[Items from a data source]
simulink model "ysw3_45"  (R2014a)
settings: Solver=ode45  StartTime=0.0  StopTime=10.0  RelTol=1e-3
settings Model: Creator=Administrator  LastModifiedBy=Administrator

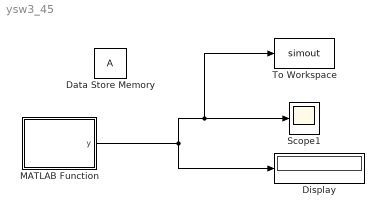
== system ysw3_45 ==
  Data Store Memory : DataStoreMemory  ReadBeforeWriteMsg=warning  WriteAfterWriteMsg=warning  WriteAfterReadMsg=warning  InitialValue=25  OutDataTypeStr=double
  Display : Display
  MATLAB Function : MATLAB Function  TreatAsAtomicUnit=on
  Scope1 : Scope
      settings: TimeRange=10
  To Workspace : ToWorkspace  VariableName=simout  SaveFormat=Timeseries  SampleTime=-1
  wires:
  MATLAB Function/1(y) -> Display/1, To Workspace/1, Scope1/1

== matlab function ysw3_45/MATLAB Function ==
  data: y output; A data_store_memory
function y = fcn
%#codegen
global A;
A = A+1;
y = A;

INSTRUCTIONS TO FOLLOW: Repeat only what runs from the line holding "matlab function ysw3_45/MATLAB" to the end of the data, keeping every line exactly as written, first and last included.

RESPONSE:
== matlab function ysw3_45/MATLAB Function ==
  data: y output; A data_store_memory
function y = fcn
%#codegen
global A;
A = A+1;
y = A;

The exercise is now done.